Ovni de Canarias

El ovni de Canarias

No ha habido avistamiento ovni más impresionante que el de Canarias del 5 de marzo de 1979. Duró hora y media, los testigos fueron incontables, dejó como pruebas fotos sensacionales y obligó al Ejército del Aire a abrir una investigación. “Hasta en Marte deben haber oído hablar del suceso porque fue uno de los más espectaculares episodios de la aparición de luces misteriosas de España”, dice el investigador escéptico Ricardo Campo en su libro El fenómeno ovni en Canarias desde el siglo XVIII hasta 1980 (2017). El del ovni de Canarias -así se conoce en el mundillo ufológico, aunque haya habido muchos otros avistamientos en el archipiélago- es un caso paradigmático de ufología práctica. Por eso merece la pena recordarlo ahora que ha cumplido 40 años…

Sigue en la revista Muy Interesante (Nº 457, junio de 2019).

El ovni de Canarias, en Punto Radio Bilbao

Ricardo Campo, Almudena Cacho y yo hablamos el 25 de marzo en Protagonistas Bizkaia, en Punto Radio Bilbao, sobre el ovni de Canarias, en la vigesimasegunda entrega del espacio que la emisora de Vocento dedica semanalmente al pensamiento crítico.

30 años del ovni de Canarias

El ovni de Canarias del 5 de marzo de 1979.

La ufología española vivió su época dorada a finales de los años 70. No había ciudad de mediano tamaño que no tuviera su grupo de aficionados, la prensa generalista todavía informaba de avistamientos; había un programa de radio –Medianoche, de Antonio José Alés, en la Cadena SER- centrado prácticamente en el fenómeno y que fue donde se inventaron las alertas ovni; otro de televisión –Más Allá, de Fernando Jiménez del Oso, en TVE- dedicado a lo sobrenatural; dos revistas de quiosco –Mundo Desconocido y Karma.7– sobre misterios; y multitud de fanzines sobre platillos volantes, entre los que destacaban Vimana y Stendek, publicaciones del santanderino Centro Investigador de Objetos Volantes Extraterrestres (CIOVE) y del barcelonés Centro de Estudios Interplanetarios (CEI), respectivamente.

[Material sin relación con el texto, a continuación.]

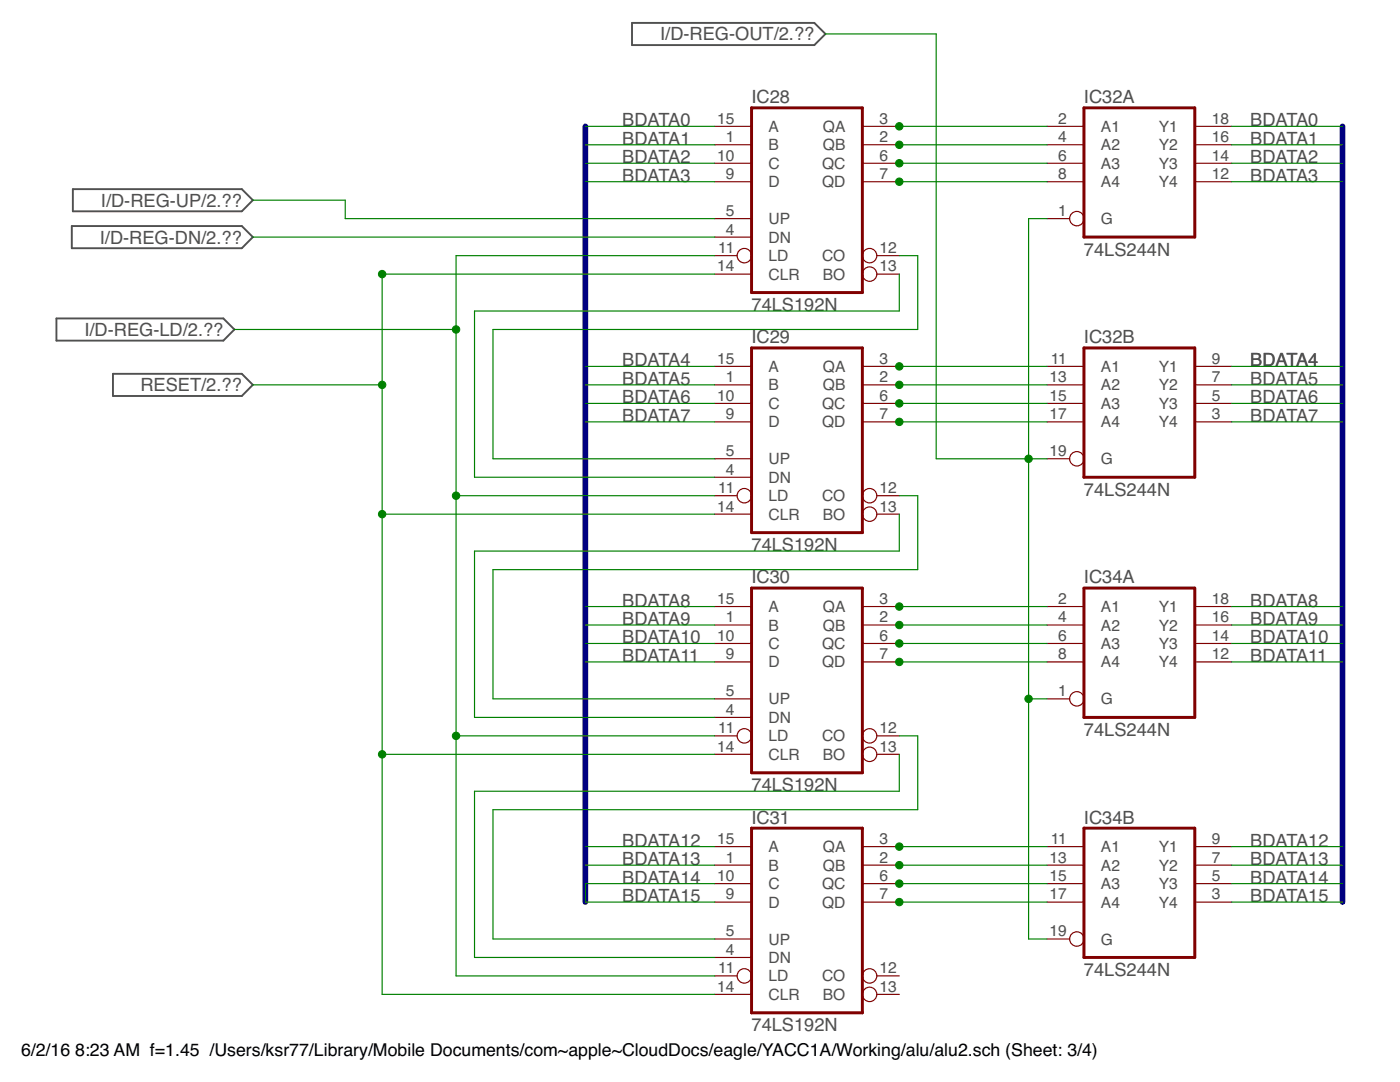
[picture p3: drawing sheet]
<svg xmlns="http://www.w3.org/2000/svg" width="279mm" height="216mm" viewBox="0 0 279 216" stroke-linecap="round" stroke-linejoin="round" font-family="sans-serif">
<path d="M126.1 4.6h36.4l2.2 2.2-2.2 2.2h-36.4zM14.5 37.7h33.8l2.2 2.2-2.2 2.3h-33.8zM14.3 45.1h34l2.2 2.2-2.2 2.2h-34zM11.3 63.5h33.3l2.2 2.2-2.2 2.3h-33.3zM22.5 74.6h25.8l2.2 2.2-2.2 2.2h-25.8z" fill="none" stroke="#505050" stroke-width=".38"/>
<path d="M150 21.5h22.1v36.9h-22.1zM216.3 21.5h22.1v25.8h-22.1zM150 69.4h22.1v36.9h-22.1zM216.3 69.4h22.1v25.8h-22.1zM150 117.3h22.1v36.9h-22.1zM216.3 117.3h22.1v25.9h-22.1zM150 165.2h22.1v36.9h-22.1zM216.3 165.2h22.1v25.9h-22.1z" fill="none" stroke="#800000" stroke-width=".59"/>
<g fill="none" stroke="#800000" stroke-width=".23">
<path d="M142.6 28.9h7.4M142.6 25.2h7.4M142.6 32.6h7.4M142.6 36.3h7.4M172.1 28.9h7.4M172.1 25.2h7.4M172.1 32.6h7.4M172.1 36.3h7.4M209 28.9h7.3M209 25.2h7.3M209 32.6h7.3M209 36.3h7.3"/>
<path d="M238.4 28.9h7.4M238.4 25.2h7.4M238.4 32.6h7.4M238.4 36.3h7.4M142.6 47.3h7.4M142.6 43.6h7.4M142.6 51h4.5M142.6 54.7h7.4M175 51h4.5M175 54.7h4.5M209 43.6h4.5M142.6 76.8h7.4"/>
<path d="M142.6 73.1h7.4M172.1 76.8h7.4M172.1 73.1h7.4M209 76.8h7.3M209 73.1h7.3M238.4 76.8h7.4M238.4 73.1h7.4M142.6 95.2h7.4M142.6 91.5h7.4M142.6 80.5h7.4M142.6 84.2h7.4M142.6 98.9h4.5"/>
<path d="M172.1 80.5h7.4M172.1 84.2h7.4M175 98.9h4.5M209 91.5h4.5M209 80.5h7.3M209 84.2h7.3M238.4 80.5h7.4M238.4 84.2h7.4M142.6 102.6h7.4M175 102.6h4.5M142.6 124.7h7.4M142.6 121h7.4"/>
<path d="M142.6 139.4h7.4M142.6 128.4h7.4M142.6 132.1h7.4M172.1 124.7h7.4M172.1 121h7.4M172.1 128.4h7.4M172.1 132.1h7.4M209 124.7h7.3M209 121h7.3M209 139.4h4.5M209 128.4h7.3M209 132.1h7.3"/>
<path d="M238.4 124.7h7.4M238.4 121h7.4M238.4 128.4h7.4M238.4 132.1h7.4M142.6 143.2h7.4M142.6 146.8h4.5M142.6 150.5h7.4M175 146.8h4.5M175 150.5h4.5M142.6 172.6h7.4M142.6 168.9h7.4M142.6 176.3h7.4"/>
<path d="M172.1 172.6h7.4M172.1 168.9h7.4M172.1 176.3h7.4M209 172.6h7.3M209 168.9h7.3M209 176.3h7.3M238.4 172.6h7.4M238.4 168.9h7.4M238.4 176.3h7.4M142.6 191.1h7.4M142.6 187.4h7.4M142.6 180h7.4"/>
<path d="M142.6 194.7h4.5M142.6 198.4h7.4M172.1 180h7.4M175 194.7h4.5M175 198.4h4.5M209 187.4h4.5M209 180h7.3M238.4 180h7.4"/>
<circle cx="148.5" cy="51" r="1.44"/>
<circle cx="173.5" cy="51" r="1.44"/>
<circle cx="173.5" cy="54.7" r="1.44"/>
<circle cx="214.9" cy="43.6" r="1.44"/>
<circle cx="148.5" cy="98.9" r="1.44"/>
<circle cx="173.5" cy="98.9" r="1.44"/>
<circle cx="214.9" cy="91.5" r="1.44"/>
<circle cx="173.5" cy="102.6" r="1.44"/>
<circle cx="214.9" cy="139.4" r="1.44"/>
<circle cx="148.5" cy="146.8" r="1.44"/>
<circle cx="173.5" cy="150.5" r="1.44"/>
<circle cx="173.5" cy="146.8" r="1.44"/>
<circle cx="148.5" cy="194.7" r="1.44"/>
<circle cx="173.5" cy="194.7" r="1.44"/>
<circle cx="173.5" cy="198.4" r="1.44"/>
<circle cx="214.9" cy="187.4" r="1.44"/>
</g>
<path d="M116.8 25.2v154.8M267.9 25.2v154.8" fill="none" stroke="#000080" stroke-width="1.1"/>
<g fill="none" stroke="#008000" stroke-width=".23">
<path d="M164.7 6.8h22.1v84.7h22.2M50.5 39.9h18.4v3.7h73.7M116.8 25.2h25.8M116.8 28.9h25.8M116.8 32.6h25.8M116.8 36.3h25.8M179.5 25.2h29.5M179.5 28.9h29.5M179.5 32.6h29.5M179.5 36.3h29.5M245.8 25.2h22.1M245.8 28.9h22.1"/>
<path d="M245.8 32.6h22.1M245.8 36.3h22.1M50.5 47.3h92.1M142.6 54.7h-66.3v143.7h66.3M142.6 51h-51.6v143.7h51.6M179.5 51h3.7v14.7h-84.8v25.8h44.2M179.5 54.7v7.4h-84.8v33.1h47.9M209 43.6h-3.7v143.8h3.7M46.8 65.7h44.2M50.5 76.8h25.8M116.8 73.1h25.8M116.8 76.8h25.8"/>
<path d="M179.5 73.1h29.5M179.5 76.8h29.5M245.8 73.1h22.1M245.8 76.8h22.1M91 98.9h51.6M116.8 80.5h25.8M116.8 84.2h25.8M179.5 80.5h29.5M179.5 84.2h29.5M179.5 98.9h3.7v14.8h-84.8v25.7h44.2M245.8 80.5h22.1M245.8 84.2h22.1"/>
<path d="M76.3 102.6h66.3M179.5 102.6v7.4h-84.8v33.2h47.9M116.8 121h25.8M116.8 124.7h25.8M116.8 128.4h25.8M116.8 132.1h25.8M179.5 121h29.5M179.5 124.7h29.5M179.5 128.4h29.5M179.5 132.1h29.5M205.3 139.4h3.7M245.8 121h22.1"/>
<path d="M245.8 124.7h22.1M245.8 128.4h22.1M245.8 132.1h22.1M76.3 150.5h66.3M91 146.8h51.6M179.5 146.8h3.7v14.8h-84.8v25.8h44.2M179.5 150.5v7.4h-84.8v33.2h47.9M116.8 168.9h25.8M116.8 172.6h25.8M142.6 176.3h-25.8v3.7h25.8M179.5 168.9h29.5M179.5 172.6h29.5"/>
<path d="M179.5 176.3h29.5M245.8 168.9h22.1M245.8 172.6h22.1M245.8 176.3h22.1M179.5 180h29.5M245.8 180h22.1"/>
</g>
<g fill="#008000" stroke="#008000" stroke-width=".2">
<circle cx="76.3" cy="54.7" r=".74"/>
<circle cx="76.3" cy="102.6" r=".74"/>
<circle cx="76.3" cy="150.5" r=".74"/>
<circle cx="76.3" cy="76.8" r=".74"/>
<circle cx="91" cy="146.8" r=".74"/>
<circle cx="91" cy="98.9" r=".74"/>
<circle cx="91" cy="65.7" r=".74"/>
<circle cx="205.3" cy="91.5" r=".74"/>
<circle cx="205.3" cy="139.4" r=".74"/>
<circle cx="179.5" cy="25.2" r=".74"/>
<circle cx="179.5" cy="28.9" r=".74"/>
<circle cx="179.5" cy="32.6" r=".74"/>
<circle cx="179.5" cy="36.3" r=".74"/>
<circle cx="179.5" cy="73.1" r=".74"/>
<circle cx="179.5" cy="76.8" r=".74"/>
<circle cx="179.5" cy="80.5" r=".74"/>
<circle cx="179.5" cy="84.2" r=".74"/>
<circle cx="179.5" cy="121" r=".74"/>
<circle cx="179.5" cy="124.7" r=".74"/>
<circle cx="179.5" cy="128.4" r=".74"/>
<circle cx="179.5" cy="132.1" r=".74"/>
<circle cx="179.5" cy="168.9" r=".74"/>
<circle cx="179.5" cy="172.6" r=".74"/>
<circle cx="179.5" cy="176.3" r=".74"/>
<circle cx="179.5" cy="180" r=".74"/>
</g>
<g font-size="3.6" fill="#505050">
<text x="131.8" y="8.1">I/D-REG-OUT/2.??</text>
<text x="150" y="20.6">IC28</text>
<text x="216.3" y="20.6">IC32A</text>
<text x="124.2" y="25.2">BDATA0</text>
<text x="124.2" y="28.9">BDATA1</text>
<text x="249.5" y="25.2">BDATA0</text>
<text x="249.5" y="28.9">BDATA1</text>
<text x="124.2" y="32.6">BDATA2</text>
<text x="249.5" y="32.6">BDATA2</text>
<text x="20.2" y="41.2">I/D-REG-UP/2.??</text>
<text x="124.2" y="36.3">BDATA3</text>
<text x="249.5" y="36.3">BDATA3</text>
<text x="19.9" y="48.6">I/D-REG-DN/2.??</text>
<text x="216.3" y="51">74LS244N</text>
<text x="150" y="62.1">74LS192N</text>
<text x="16.9" y="67">I/D-REG-LD/2.??</text>
<text x="150" y="68.5">IC29</text>
<text x="216.3" y="68.5">IC32B</text>
<text x="124.2" y="73.1">BDATA4</text>
<text x="124.2" y="76.8">BDATA5</text>
<text x="249.5" y="73.1">BDATA4</text>
<text x="249.5" y="76.8">BDATA5</text>
<text x="28" y="78.1">RESET/2.??</text>
<text x="124.2" y="80.5">BDATA6</text>
<text x="249.5" y="80.5">BDATA6</text>
<text x="124.2" y="84.2">BDATA7</text>
<text x="249.5" y="84.2">BDATA7</text>
<text x="216.3" y="98.9">74LS244N</text>
<text x="150" y="110">74LS192N</text>
<text x="150" y="116.4">IC30</text>
<text x="216.3" y="116.4">IC34A</text>
<text x="124.2" y="121">BDATA8</text>
<text x="124.2" y="124.7">BDATA9</text>
<text x="249.5" y="121">BDATA8</text>
<text x="249.5" y="124.7">BDATA9</text>
<text x="124.2" y="128.4">BDATA10</text>
<text x="249.5" y="128.4">BDATA10</text>
<text x="124.2" y="132.1">BDATA11</text>
<text x="249.5" y="132.1">BDATA11</text>
<text x="216.3" y="146.8">74LS244N</text>
<text x="150" y="157.9">74LS192N</text>
<text x="150" y="164.3">IC31</text>
<text x="216.3" y="164.3">IC34B</text>
<text x="124.2" y="168.9">BDATA12</text>
<text x="124.2" y="172.6">BDATA13</text>
<text x="249.5" y="168.9">BDATA12</text>
<text x="249.5" y="172.6">BDATA13</text>
<text x="124.2" y="176.3">BDATA14</text>
<text x="124.2" y="180">BDATA15</text>
<text x="249.5" y="176.3">BDATA14</text>
<text x="249.5" y="180">BDATA15</text>
<text x="216.3" y="194.7">74LS244N</text>
<text x="150" y="205.8">74LS192N</text>
</g>
<g font-size="3.5">
<text x="4.2" y="210.7">6/2/16</text>
<text x="15" y="210.7">8:23 AM f=1.45 /Users/ksr77/Library/Mobile Documents/com~apple~CloudDocs/eagle/YACC1A/Working/alu/alu2.sch (Sheet: 3/4)</text>
</g>
<g font-size="3.1" fill="#505050">
<text x="143.1" y="24.7">15</text>
<text x="144.9" y="28.4">1</text>
<text x="153.4" y="30">B</text>
<text x="153.4" y="26.3">A</text>
<text x="164.2" y="30">QB</text>
<text x="164.2" y="26.3">QA</text>
<text x="175.5" y="28.4">2</text>
<text x="175.5" y="24.7">3</text>
<text x="211.2" y="24.7">2</text>
<text x="211.2" y="28.4">4</text>
<text x="219.7" y="26.3">A1</text>
<text x="219.7" y="30">A2</text>
<text x="231.2" y="30">Y2</text>
<text x="231.2" y="26.3">Y1</text>
<text x="241.8" y="28.4">16</text>
<text x="241.8" y="24.7">18</text>
<text x="143.1" y="32.1">10</text>
<text x="144.9" y="35.7">9</text>
<text x="153.4" y="33.7">C</text>
<text x="164.1" y="33.7">QC</text>
<text x="175.5" y="32.1">6</text>
<text x="175.5" y="35.7">7</text>
<text x="211.2" y="32.1">6</text>
<text x="211.2" y="35.7">8</text>
<text x="219.7" y="33.7">A3</text>
<text x="231.2" y="33.7">Y3</text>
<text x="241.8" y="35.7">12</text>
<text x="241.8" y="32.1">14</text>
<text x="153.4" y="37.4">D</text>
<text x="164.1" y="37.4">QD</text>
<text x="219.7" y="37.4">A4</text>
<text x="231.2" y="37.4">Y4</text>
<text x="144.9" y="46.8">4</text>
<text x="144.9" y="43.1">5</text>
<text x="153.4" y="44.7">UP</text>
<text x="211.2" y="43.1">1</text>
<text x="219.7" y="44.7">G</text>
<text x="143.4" y="50.5">11</text>
<text x="153.4" y="48.4">DN</text>
<text x="153.4" y="52.1">LD</text>
<text x="164.1" y="52.1">CO</text>
<text x="175.5" y="50.5">12</text>
<text x="143.1" y="54.2">14</text>
<text x="153.4" y="55.8">CLR</text>
<text x="164.2" y="55.8">BO</text>
<text x="175.5" y="54.2">13</text>
<text x="143.1" y="72.6">15</text>
<text x="144.9" y="76.3">1</text>
<text x="153.4" y="77.9">B</text>
<text x="153.4" y="74.2">A</text>
<text x="164.2" y="77.9">QB</text>
<text x="164.2" y="74.2">QA</text>
<text x="175.5" y="76.3">2</text>
<text x="175.5" y="72.6">3</text>
<text x="209.5" y="76.3">13</text>
<text x="209.7" y="72.6">11</text>
<text x="219.7" y="74.2">A1</text>
<text x="219.7" y="77.9">A2</text>
<text x="231.2" y="77.9">Y2</text>
<text x="231.2" y="74.2">Y1</text>
<text x="241.8" y="76.3">7</text>
<text x="241.8" y="72.6">9</text>
<text x="143.1" y="80">10</text>
<text x="144.9" y="83.7">9</text>
<text x="153.4" y="81.6">C</text>
<text x="164.1" y="81.6">QC</text>
<text x="175.5" y="80">6</text>
<text x="175.5" y="83.7">7</text>
<text x="209.5" y="80">15</text>
<text x="209.5" y="83.7">17</text>
<text x="219.7" y="81.6">A3</text>
<text x="231.2" y="81.6">Y3</text>
<text x="241.8" y="83.7">3</text>
<text x="241.8" y="80">5</text>
<text x="153.4" y="85.3">D</text>
<text x="164.1" y="85.3">QD</text>
<text x="219.7" y="85.3">A4</text>
<text x="231.2" y="85.3">Y4</text>
<text x="144.9" y="94.7">4</text>
<text x="144.9" y="91">5</text>
<text x="153.4" y="92.6">UP</text>
<text x="209.5" y="91">19</text>
<text x="219.7" y="92.6">G</text>
<text x="143.4" y="98.4">11</text>
<text x="153.4" y="96.3">DN</text>
<text x="153.4" y="100">LD</text>
<text x="164.1" y="100">CO</text>
<text x="175.5" y="98.4">12</text>
<text x="143.1" y="102.1">14</text>
<text x="153.4" y="103.7">CLR</text>
<text x="164.2" y="103.7">BO</text>
<text x="175.5" y="102.1">13</text>
<text x="143.1" y="120.5">15</text>
<text x="144.9" y="124.2">1</text>
<text x="153.4" y="125.8">B</text>
<text x="153.4" y="122.1">A</text>
<text x="164.2" y="125.8">QB</text>
<text x="164.2" y="122.1">QA</text>
<text x="175.5" y="124.2">2</text>
<text x="175.5" y="120.5">3</text>
<text x="211.2" y="120.5">2</text>
<text x="211.2" y="124.2">4</text>
<text x="219.7" y="122.1">A1</text>
<text x="219.7" y="125.8">A2</text>
<text x="231.2" y="125.8">Y2</text>
<text x="231.2" y="122.1">Y1</text>
<text x="241.8" y="124.2">16</text>
<text x="241.8" y="120.5">18</text>
<text x="143.1" y="127.9">10</text>
<text x="144.9" y="131.6">9</text>
<text x="153.4" y="129.5">C</text>
<text x="164.1" y="129.5">QC</text>
<text x="175.5" y="127.9">6</text>
<text x="175.5" y="131.6">7</text>
<text x="211.2" y="127.9">6</text>
<text x="211.2" y="131.6">8</text>
<text x="219.7" y="129.5">A3</text>
<text x="231.2" y="129.5">Y3</text>
<text x="241.8" y="131.6">12</text>
<text x="241.8" y="127.9">14</text>
<text x="153.4" y="133.2">D</text>
<text x="164.1" y="133.2">QD</text>
<text x="219.7" y="133.2">A4</text>
<text x="231.2" y="133.2">Y4</text>
<text x="144.9" y="142.6">4</text>
<text x="144.9" y="138.9">5</text>
<text x="153.4" y="140.6">UP</text>
<text x="211.2" y="138.9">1</text>
<text x="219.7" y="140.6">G</text>
<text x="143.1" y="150">14</text>
<text x="143.4" y="146.3">11</text>
<text x="153.4" y="144.2">DN</text>
<text x="153.4" y="147.9">LD</text>
<text x="164.1" y="147.9">CO</text>
<text x="175.5" y="146.3">12</text>
<text x="175.5" y="150">13</text>
<text x="153.4" y="151.6">CLR</text>
<text x="164.2" y="151.6">BO</text>
<text x="143.1" y="168.4">15</text>
<text x="144.9" y="172.1">1</text>
<text x="153.4" y="173.7">B</text>
<text x="153.4" y="170">A</text>
<text x="164.2" y="173.7">QB</text>
<text x="164.2" y="170">QA</text>
<text x="175.5" y="172.1">2</text>
<text x="175.5" y="168.4">3</text>
<text x="209.5" y="172.1">13</text>
<text x="209.7" y="168.4">11</text>
<text x="219.7" y="170">A1</text>
<text x="219.7" y="173.7">A2</text>
<text x="231.2" y="173.7">Y2</text>
<text x="231.2" y="170">Y1</text>
<text x="241.8" y="172.1">7</text>
<text x="241.8" y="168.4">9</text>
<text x="143.1" y="175.8">10</text>
<text x="144.9" y="179.5">9</text>
<text x="153.4" y="177.4">C</text>
<text x="164.1" y="177.4">QC</text>
<text x="175.5" y="175.8">6</text>
<text x="175.5" y="179.5">7</text>
<text x="209.5" y="175.8">15</text>
<text x="209.5" y="179.5">17</text>
<text x="219.7" y="177.4">A3</text>
<text x="231.2" y="177.4">Y3</text>
<text x="241.8" y="179.5">3</text>
<text x="241.8" y="175.8">5</text>
<text x="153.4" y="181.1">D</text>
<text x="164.1" y="181.1">QD</text>
<text x="219.7" y="181.1">A4</text>
<text x="231.2" y="181.1">Y4</text>
<text x="144.9" y="190.5">4</text>
<text x="144.9" y="186.9">5</text>
<text x="153.4" y="188.5">UP</text>
<text x="209.5" y="186.9">19</text>
<text x="219.7" y="188.5">G</text>
<text x="143.1" y="197.9">14</text>
<text x="143.4" y="194.2">11</text>
<text x="153.4" y="192.2">DN</text>
<text x="153.4" y="195.8">LD</text>
<text x="164.1" y="195.8">CO</text>
<text x="175.5" y="194.2">12</text>
<text x="175.5" y="197.9">13</text>
<text x="153.4" y="199.5">CLR</text>
<text x="164.2" y="199.5">BO</text>
</g>
</svg>

Así informó 'El Correo' del ovni de Canarias del 5 de marzo de 1979.El problema número uno de la ciencia moderna, como se llamaba la sección dedicada a los ovnis en Mundo Desconocido, estaba de moda cuando decenas de miles de personas presenciaron un extraordinario fenómeno celeste en Canarias al anochecer del 5 de marzo de 1979. “Un extraño atardecer cautiva las miradas de muchos habitantes de las islas, que ven una especie de estelas multicolores o líneas zigzagueantes con intensa luminosidad en dirección oeste”, escribían en 2001 Vicente-Juan Ballester Olmos y Ricardo Campo en la Revista de Aeronáutica y Astronáutica. De repente, surge en esa zona del cielo “una especie de aguja luminosa que comienza a subir, crecer y ensancharse hasta formar una enorme campana o copa luminosa y brillante, dejando atrás una estela en zigzag”. Y, cuando el objeto desaparece, deja atrás estelas similares a las del principio. La larga duración del fenómeno permitió que haya muchas fotografías y miles de testigos de lo que pasó a la historia como el ovni de Canarias, y atrajo la atención de numerosos medios de comunicación y del Ejército del Aire, que estudió el caso y elaboró un informe de 229 páginas desclasificado en 1995.

“¿Qué fue lo observado y fotografiado aquella noche del 5 de marzo de 1979? Repito, en mi opinión, una nave que nada tiene que ver con nuestra tecnología y, consecuentemente, con nuestra civilización. Un vehículo espacial ajeno a la Tierra. Empleando la terminología popular -y sin ningún tipo de recelo o miedo-, una nave extraterrestre”, escribía Juan José Benítez en Mundo Desconocido (Nº 75) en septiembre de 1982. El periodista rechazaba la posibilidad de que el ovni fuera un misil lanzado desde un submarino, tal como había defendido desde el principio, entre otros, el ufólogo valenciano Vicente-Juan Ballester Olmos, apoyándose, entre otras cosas, en un análisis por ordenador de las fotografías. Andreas Faber-Kaiser, director de la revista, decía en el mismo número que tampoco estaba de acuerdo “con la hipótesis de que lo visto en Canarias fuera un misil. En absoluto. Simplemente, porque para demostrarme que una barra de pan se parece a otra, me tienen que poner junto a la primera barra de pan, otra barra de pan igual. Y lo que me están poniendo es un panecillo, que evidentemente no es una barra de pan”.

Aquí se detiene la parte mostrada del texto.